LaToya Shambo, the CEO of the influencer marketing agency Black Girl Digital, says that part of her job connecting content creators to brands is playing the occasional therapist. “[Being an influencer] is demanding,” she says. “If you don’t figure out how to manage your time, you’re going to feel burned out and overwhelmed.” Perhaps because she sees firsthand how social media can impact people’s real lives, even she is careful about her own use, preferring to, as she puts it, “post and ghost. There are times when I can’t log on because it can easily shift my mindset and my energy, no matter how I curate my time line. I’m deliberate.”

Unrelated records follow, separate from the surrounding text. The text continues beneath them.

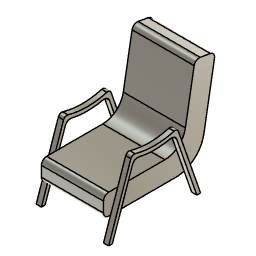
27 (Autodesk Fusion 360 design; units mm, degrees)
Autodesk Fusion 360 part; units mm, degrees
sketch "草图1" plane through (0, 0, 0) normal (1, 0, 0) x (0, 1, 0)
  line L0 (-649.2476, 0) -> (0, 0)
  arc A0 (0, 0) -> (270.8221, 227.2465) centre (0, 275) ccw
  line L1 (270.8221, 227.2465) -> (373.8385, 811.4816)
  arc A1 (373.8385, 811.4816) -> (333.2805, 869.4044) centre (324.5981, 820.164) ccw
  line L2 (333.2805, 869.4044) -> (234.7997, 886.7692)
  arc A2 (234.7997, 886.7692) -> (176.8769, 846.2112) centre (226.1173, 837.5288) ccw
  line L3 (176.8769, 846.2112) -> (92.3655, 366.9231)
  arc A3 (-106.5657, 200) -> (92.3655, 366.9231) centre (-106.5657, 402) ccw
  line L4 (-106.5657, 200) -> (-649.2476, 200)
  arc A4 (-649.2476, 200) -> (-699.2476, 150) centre (-649.2476, 150) ccw
  line L5 (-699.2476, 150) -> (-699.2476, 50)
  arc A5 (-699.2476, 50) -> (-649.2476, 0) centre (-649.2476, 50) ccw
  line L6 (-130, 0) -> (100, 0) construction
  line L7 (373.8385, 811.4816) -> (230.7524, 0) construction
  dimension "d1" = 200
  dimension "d2" = 50
  dimension "d3" = 50
  dimension "d4" = 100
  dimension "d5" = 930
  dimension "d6" = 874
  dimension "d7" = 50
  dimension "d8" = 50
  dimension "d9" = 275
  dimension "d10" = 202
  dimension "d11" = 200
  constraint horizontal L0
  constraint tangent L0 A0
  constraint tangent L1 A1
  constraint tangent L2 A2
  constraint tangent L3 A3
  constraint tangent A3 L4
  constraint tangent L4 A4
  constraint perpendicular L4 L5
  constraint tangent L5 A5
  constraint horizontal L6
  constraint collinear L0 L6
  constraint parallel L0 L4
  constraint parallel L1 L3
  constraint tangent L0 A5
  constraint tangent A4 L5
  constraint coincident L6 L7.end
  constraint tangent A1 L7
  constraint tangent A1 L2
  constraint tangent A2 L3
  constraint tangent A0 L7
  constraint coincident L0.end A0.start
  constraint perpendicular L2 L7
  measures "d1" distance of L0 L4
  measures "d2" radius of A5
  measures "d3" radius of A4
  measures "d4" angle of L3 L4
  measures "d5" distance of L5 L7.end
  measures "d6" distance of L2 L7.end
  measures "d7" radius of A1
  measures "d8" radius of A2
  measures "d9" radius of A0
  measures "d10" radius of A3
  measures "d11" distance of L1 L3
extrude "拉伸1" add sketch "草图1" along normal mid plane 600 makes body 1
sketch "草图2" plane through (300, 0, 0) normal (1, 0, 0) x (0, 1, 0)
  line L0 (-1000, 0) -> (500, 0) construction
  line L1 (-255.2476, 500) -> (-255.2476, -500) construction
  line L2 (-699.2476, 150) -> (-699.2476, 50)
  line L3 (-699.2476, -200) -> (-663.2885, -200)
  line L4 (-663.2885, -200) -> (-468.2546, 366.4195)
  line L5 (-699.2476, -200) -> (-484.7688, 422.8917)
  arc A0 (-443.2224, 444.4975) -> (-484.7688, 422.8917) centre (-452.6211, 411.8224) ccw
  arc A1 (-408.5365, 399.5028) -> (-468.2546, 366.4195) centre (-420.0332, 349.8155) ccw
  arc A2 (-408.5365, 399.5028) -> (-101.9587, 399.5028) centre (-255.2476, 1062) ccw
  arc A3 (-443.2224, 444.4975) -> (-67.2728, 444.4975) centre (-255.2476, 1098) ccw
  arc A4 (-25.7264, 422.8917) -> (-67.2728, 444.4975) centre (-57.8741, 411.8224) ccw
  arc A5 (-42.2406, 366.4195) -> (-101.9587, 399.5028) centre (-90.462, 349.8155) ccw
  line L6 (-42.2406, 366.4195) -> (152.7933, -200)
  line L7 (152.7933, -200) -> (188.7524, -200)
  line L8 (188.7524, -200) -> (-25.7264, 422.8917)
  line L9 (-255.2476, 500) -> (-255.2476, 524.2021) construction
  line L10 (-255.2476, 524.2021) -> (-255.2476, 850) construction
  dimension "d16" = 444
  dimension "d17" = 34
  dimension "d18" = 888
  dimension "d19" = 34
  dimension "d20" = 34
  dimension "d21" = 680
  dimension "d22" = 51
  dimension "d23" = 51
  dimension "d24" = 36
  dimension "d25" = 38
  dimension "d26" = 200
  dimension "d27" = 418
  dimension "d28" = 680
  constraint horizontal L0
  constraint vertical L1
  constraint perpendicular L2 L3
  constraint tangent L5 A0
  constraint tangent L4 A1
  constraint tangent A3 A4
  constraint tangent A2 A5
  constraint horizontal L7
  constraint tangent A5 L6
  constraint tangent A4 L8
  constraint tangent A0 A3
  constraint tangent A1 A2
  constraint collinear L3 L7
  constraint parallel L6 L8
  constraint symmetric L1 L4 L6
  constraint parallel L4 L5
  constraint symmetric L1 L5 L8
  constraint symmetric L1 A0.centre A4.centre
  constraint symmetric L1 A1.centre A5.centre
  constraint coincident L1.start L9.start
  constraint parallel L1 L10
  constraint collinear L1 L9
  measures "d16" distance of L1 L2
  measures "d17" distance of L6 L8
  measures "d18" distance of L3.start L7.end
  measures "d19" radius of A4
  measures "d20" radius of A0
  measures "d21" radius of A3
  measures "d22" radius of A5
  measures "d23" radius of A1
  measures "d24" distance of A2 A3
  measures "d25" angle of L4 L6
  measures "d26" distance of L0 L3.start
  measures "d27" distance of L0 A3
  measures "d28" radius of A2
extrude "拉伸2" add sketch "草图2" along normal blind 50 separate body makes body 2
copy_body "复制和粘贴实体1" bodies 2 makes body 3
move_body "移动1" bodies 3 to x (1, 0, 0) y (0, 1, 0) z (0, 0, 1) at (-650, 0, 0)
combine "合并1" operation add target body 1 tool bodies 3 2

That said, Shambo says social media isn’t going anywhere — there’s too much money to be made, both for companies and for individuals sharing their lives for sponsorship. Of course, there’s a whole ocean of possibility between using social media a lot and not using it at all, and the best course for people overwhelmed with social media but not wanting to abandon it entirely is to find a reasonable middle ground. Even influencers like Monroe do it that way: She chooses one day to shoot content, another day to edit, another day for strategy and planning, then leaves it alone the remaining days … if possible. And then there are parts she doesn’t show, like time with her husband and details about her father, who has terminal cancer. “We [influencers] have things that happen in our lives where, even if you think our lives are perfect, we are human. We’re real. Oftentimes, followers [make us] feel so obligated, like you owe them something. Just because I’m here doesn’t mean I owe you anything. It makes you feel like you have to be on 24-7, like you always have to step your game up.” Does she think about retiring? “I do,” she says. “But I don’t know if I’ll ever stop, ’cause it’s so easy for me.”